Pyrvinium is a quinoline-derived cyanine dye and an approved anti-helminthic drug reported to inhibit WNT signaling and have anti-proliferative effects in various cancer cell lines. To further understand the mechanism by which pyrvinium is cytotoxic, we conducted a pooled genome-wide CRISPR loss-of-function screen in the human HAP1 cell model. The top drug–gene sensitizer interactions implicated the malate–aspartate and glycerol-3-phosphate shuttles as mediators of cytotoxicity to mitochondrial complex I inhibition including pyrvinium. By contrast, perturbation of the poorly characterized gene C1orf115/RDD1 resulted in strong resistance to the cytotoxic effects of pyrvinium through dysregulation of the major drug efflux pump ABCB1/MDR1. Interestingly, C1orf115/RDD1 was found to physically associate with ABCB1/MDR1 through proximity-labeling experiments and perturbation of C1orf115 led to mis-localization of ABCB1/MDR1. Our results are consistent with a model whereby C1orf115 modulates drug efflux through regulation of the major drug exporter ABCB1/MDR1.

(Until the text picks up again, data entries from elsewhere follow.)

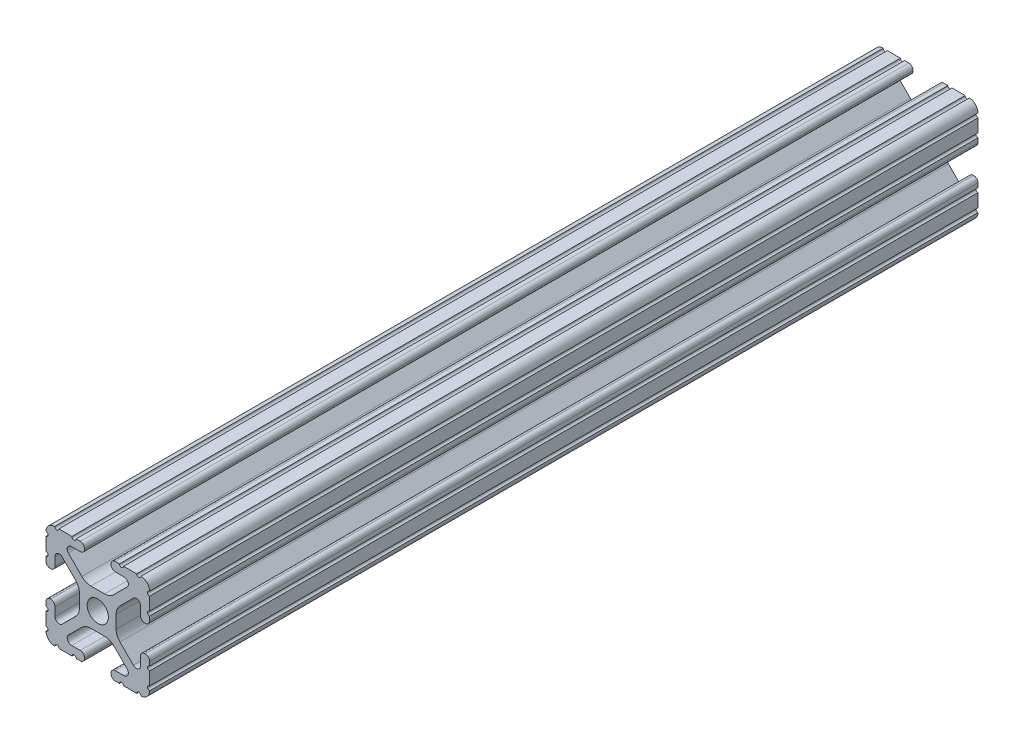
from build123d import *

# Parameters (mm, degrees)
SKETCH1_R           = 2.6035
BOSS_EXTRUDE1_DEPTH = 101.6


with BuildPart() as part:
    # Sketch1 → Boss-Extrude1 (new, symmetric)
    with BuildSketch(Plane.XY):
        with BuildLine():
            Line((-7.179650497, -8.645192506), (-3.952270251, -5.423690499))
            ThreePointArc((-3.952270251, -5.423690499), (-2.922936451, -4.736929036), (-1.709253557, -4.4958))
            Line((-1.709253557, -4.4958), (1.709253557, -4.4958))
            ThreePointArc((1.709253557, -4.4958), (2.922936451, -4.736929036), (3.952270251, -5.423690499))
            Line((3.952270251, -5.423690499), (7.179650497, -8.645192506))
            ThreePointArc((7.179650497, -8.645192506), (7.41473083, -9.822813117), (6.416408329, -10.4902))
            Line((6.416408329, -10.4902), (4.287512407, -10.4902))
            ThreePointArc((4.287512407, -10.4902), (3.54574862, -10.79744862), (3.2385, -11.539212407))
            Line((3.2385, -11.539212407), (3.2385, -11.650987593))
            ThreePointArc((3.2385, -11.650987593), (3.54574862, -12.39275138), (4.287512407, -12.7))
            Line((4.287512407, -12.7), (5.317126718, -12.7))
            ThreePointArc((5.317126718, -12.7), (5.825126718, -12.192), (6.333126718, -12.7))
            Line((6.333126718, -12.7), (9.550443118, -12.7))
            ThreePointArc((9.550443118, -12.7), (10.058366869, -12.192000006), (10.566443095, -12.699847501))
            ThreePointArc((10.566443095, -12.699847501), (12.082537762, -12.08250727), (12.699846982, -10.566399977))
            ThreePointArc((12.699846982, -10.566399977), (12.192000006, -10.058323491), (12.7, -9.5504))
            Line((12.7, -9.5504), (12.7, -6.3330836))
            ThreePointArc((12.7, -6.3330836), (12.192, -5.8250836), (12.7, -5.3170836))
            Line((12.7, -5.3170836), (12.7, -4.287469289))
            ThreePointArc((12.7, -4.287469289), (12.39275138, -3.545705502), (11.650987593, -3.238456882))
            Line((11.650987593, -3.238456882), (11.539212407, -3.238456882))
            ThreePointArc((11.539212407, -3.238456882), (10.79744862, -3.545705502), (10.4902, -4.287469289))
            Line((10.4902, -4.287469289), (10.4902, -6.402089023))
            ThreePointArc((10.4902, -6.402089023), (9.856505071, -7.351067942), (8.737131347, -7.129408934))
            Line((8.737131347, -7.129408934), (5.441005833, -3.840816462))
            ThreePointArc((5.441005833, -3.840816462), (4.750877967, -2.809883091), (4.5085, -1.593185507))
            Line((4.5085, -1.593185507), (4.5085, 1.593185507))
            ThreePointArc((4.5085, 1.593185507), (4.750877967, 2.809883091), (5.441005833, 3.840816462))
            Line((5.441005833, 3.840816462), (8.737131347, 7.129408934))
            ThreePointArc((8.737131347, 7.129408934), (9.856505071, 7.351067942), (10.4902, 6.402089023))
            Line((10.4902, 6.402089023), (10.4902, 4.287469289))
            ThreePointArc((10.4902, 4.287469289), (10.79744862, 3.545705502), (11.539212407, 3.238456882))
            Line((11.539212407, 3.238456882), (11.650987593, 3.238456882))
            ThreePointArc((11.650987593, 3.238456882), (12.39275138, 3.545705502), (12.7, 4.287469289))
            Line((12.7, 4.287469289), (12.7, 5.3170836))
            ThreePointArc((12.7, 5.3170836), (12.192, 5.8250836), (12.7, 6.3330836))
            Line((12.7, 6.3330836), (12.7, 9.5504))
            ThreePointArc((12.7, 9.5504), (12.192000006, 10.058323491), (12.699846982, 10.566399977))
            ThreePointArc((12.699846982, 10.566399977), (12.082537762, 12.08250727), (10.566443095, 12.699847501))
            ThreePointArc((10.566443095, 12.699847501), (10.058366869, 12.192000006), (9.550443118, 12.7))
            Line((9.550443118, 12.7), (6.333126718, 12.7))
            ThreePointArc((6.333126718, 12.7), (5.825126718, 12.192), (5.317126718, 12.7))
            Line((5.317126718, 12.7), (4.287512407, 12.7))
            ThreePointArc((4.287512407, 12.7), (3.54574862, 12.39275138), (3.2385, 11.650987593))
            Line((3.2385, 11.650987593), (3.2385, 11.539212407))
            ThreePointArc((3.2385, 11.539212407), (3.54574862, 10.79744862), (4.287512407, 10.4902))
            Line((4.287512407, 10.4902), (6.476788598, 10.4902))
            ThreePointArc((6.476788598, 10.4902), (7.432222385, 9.85140422), (7.207036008, 8.724370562))
            Line((7.207036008, 8.724370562), (3.898272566, 5.423169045))
            ThreePointArc((3.898272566, 5.423169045), (2.869120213, 4.736787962), (1.655778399, 4.4958))
            Line((1.655778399, 4.4958), (-1.655778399, 4.4958))
            ThreePointArc((-1.655778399, 4.4958), (-2.869120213, 4.736787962), (-3.898272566, 5.423169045))
            Line((-3.898272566, 5.423169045), (-7.207036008, 8.724370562))
            ThreePointArc((-7.207036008, 8.724370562), (-7.432222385, 9.85140422), (-6.476788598, 10.4902))
            Line((-6.476788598, 10.4902), (-4.287512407, 10.4902))
            ThreePointArc((-4.287512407, 10.4902), (-3.54574862, 10.79744862), (-3.2385, 11.539212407))
            Line((-3.2385, 11.539212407), (-3.2385, 11.650987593))
            ThreePointArc((-3.2385, 11.650987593), (-3.54574862, 12.39275138), (-4.287512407, 12.7))
            Line((-4.287512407, 12.7), (-5.317126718, 12.7))
            ThreePointArc((-5.317126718, 12.7), (-5.825126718, 12.192), (-6.333126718, 12.7))
            Line((-6.333126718, 12.7), (-9.550443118, 12.7))
            ThreePointArc((-9.550443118, 12.7), (-10.058366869, 12.192000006), (-10.566443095, 12.699847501))
            ThreePointArc((-10.566443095, 12.699847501), (-12.082537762, 12.08250727), (-12.699846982, 10.566399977))
            ThreePointArc((-12.699846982, 10.566399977), (-12.192000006, 10.058323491), (-12.7, 9.5504))
            Line((-12.7, 9.5504), (-12.7, 6.3330836))
            ThreePointArc((-12.7, 6.3330836), (-12.192, 5.8250836), (-12.7, 5.3170836))
            Line((-12.7, 5.3170836), (-12.7, 4.287469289))
            ThreePointArc((-12.7, 4.287469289), (-12.39275138, 3.545705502), (-11.650987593, 3.238456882))
            Line((-11.650987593, 3.238456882), (-11.539212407, 3.238456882))
            ThreePointArc((-11.539212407, 3.238456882), (-10.79744862, 3.545705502), (-10.4902, 4.287469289))
            Line((-10.4902, 4.287469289), (-10.4902, 6.402089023))
            ThreePointArc((-10.4902, 6.402089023), (-9.856505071, 7.351067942), (-8.737131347, 7.129408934))
            Line((-8.737131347, 7.129408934), (-5.441005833, 3.840816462))
            ThreePointArc((-5.441005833, 3.840816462), (-4.750877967, 2.809883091), (-4.5085, 1.593185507))
            Line((-4.5085, 1.593185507), (-4.5085, -1.593185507))
            ThreePointArc((-4.5085, -1.593185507), (-4.750877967, -2.809883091), (-5.441005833, -3.840816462))
            Line((-5.441005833, -3.840816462), (-8.737131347, -7.129408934))
            ThreePointArc((-8.737131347, -7.129408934), (-9.856505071, -7.351067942), (-10.4902, -6.402089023))
            Line((-10.4902, -6.402089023), (-10.4902, -4.287469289))
            ThreePointArc((-10.4902, -4.287469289), (-10.79744862, -3.545705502), (-11.539212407, -3.238456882))
            Line((-11.539212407, -3.238456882), (-11.650987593, -3.238456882))
            ThreePointArc((-11.650987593, -3.238456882), (-12.39275138, -3.545705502), (-12.7, -4.287469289))
            Line((-12.7, -4.287469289), (-12.7, -5.3170836))
            ThreePointArc((-12.7, -5.3170836), (-12.192, -5.8250836), (-12.7, -6.3330836))
            Line((-12.7, -6.3330836), (-12.7, -9.5504))
            ThreePointArc((-12.7, -9.5504), (-12.192000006, -10.058323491), (-12.699846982, -10.566399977))
            ThreePointArc((-12.699846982, -10.566399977), (-12.082537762, -12.08250727), (-10.566443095, -12.699847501))
            ThreePointArc((-10.566443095, -12.699847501), (-10.058366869, -12.192000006), (-9.550443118, -12.7))
            Line((-9.550443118, -12.7), (-6.333126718, -12.7))
            ThreePointArc((-6.333126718, -12.7), (-5.825126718, -12.192), (-5.317126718, -12.7))
            Line((-5.317126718, -12.7), (-4.287512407, -12.7))
            ThreePointArc((-4.287512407, -12.7), (-3.54574862, -12.39275138), (-3.2385, -11.650987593))
            Line((-3.2385, -11.650987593), (-3.2385, -11.539212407))
            ThreePointArc((-3.2385, -11.539212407), (-3.54574862, -10.79744862), (-4.287512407, -10.4902))
            Line((-4.287512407, -10.4902), (-6.416408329, -10.4902))
            ThreePointArc((-6.416408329, -10.4902), (-7.41473083, -9.822813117), (-7.179650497, -8.645192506))
        make_face()
        Circle(SKETCH1_R, mode=Mode.SUBTRACT)
    extrude(amount=BOSS_EXTRUDE1_DEPTH, both=True)


solid = part.part

Pyrvinium 是一种喹啉衍生的花青染料和一种经批准的抗蠕虫药物，据报道可抑制 WNT 信号传导，并在各种癌细胞系中具有抗增殖作用。为了进一步了解吡维铵具有细胞毒性的机制，我们在人类 HAP1 细胞模型中进行了全基因组 CRISPR 功能丧失筛选。最主要的药物-基因致敏剂相互作用表明苹果酸-天冬氨酸和甘油-3-磷酸穿梭作为线粒体复合物 I 抑制（包括吡维铵）的细胞毒性介质。相比之下，对特征较差的基因C1orf115/RDD1的扰动通过主要药物外排泵 ABCB1/MDR1 的失调，导致对吡维铵的细胞毒性作用产生强烈抵抗。有趣的是，通过邻近标记实验发现 C1orf115/RDD1 与 ABCB1/MDR1 物理关联，并且C1orf115的扰动导致 ABCB1/MDR1 的错误定位。我们的结果与 C1orf115 通过调节主要药物出口商 ABCB1/MDR1 调节药物流出的模型一致。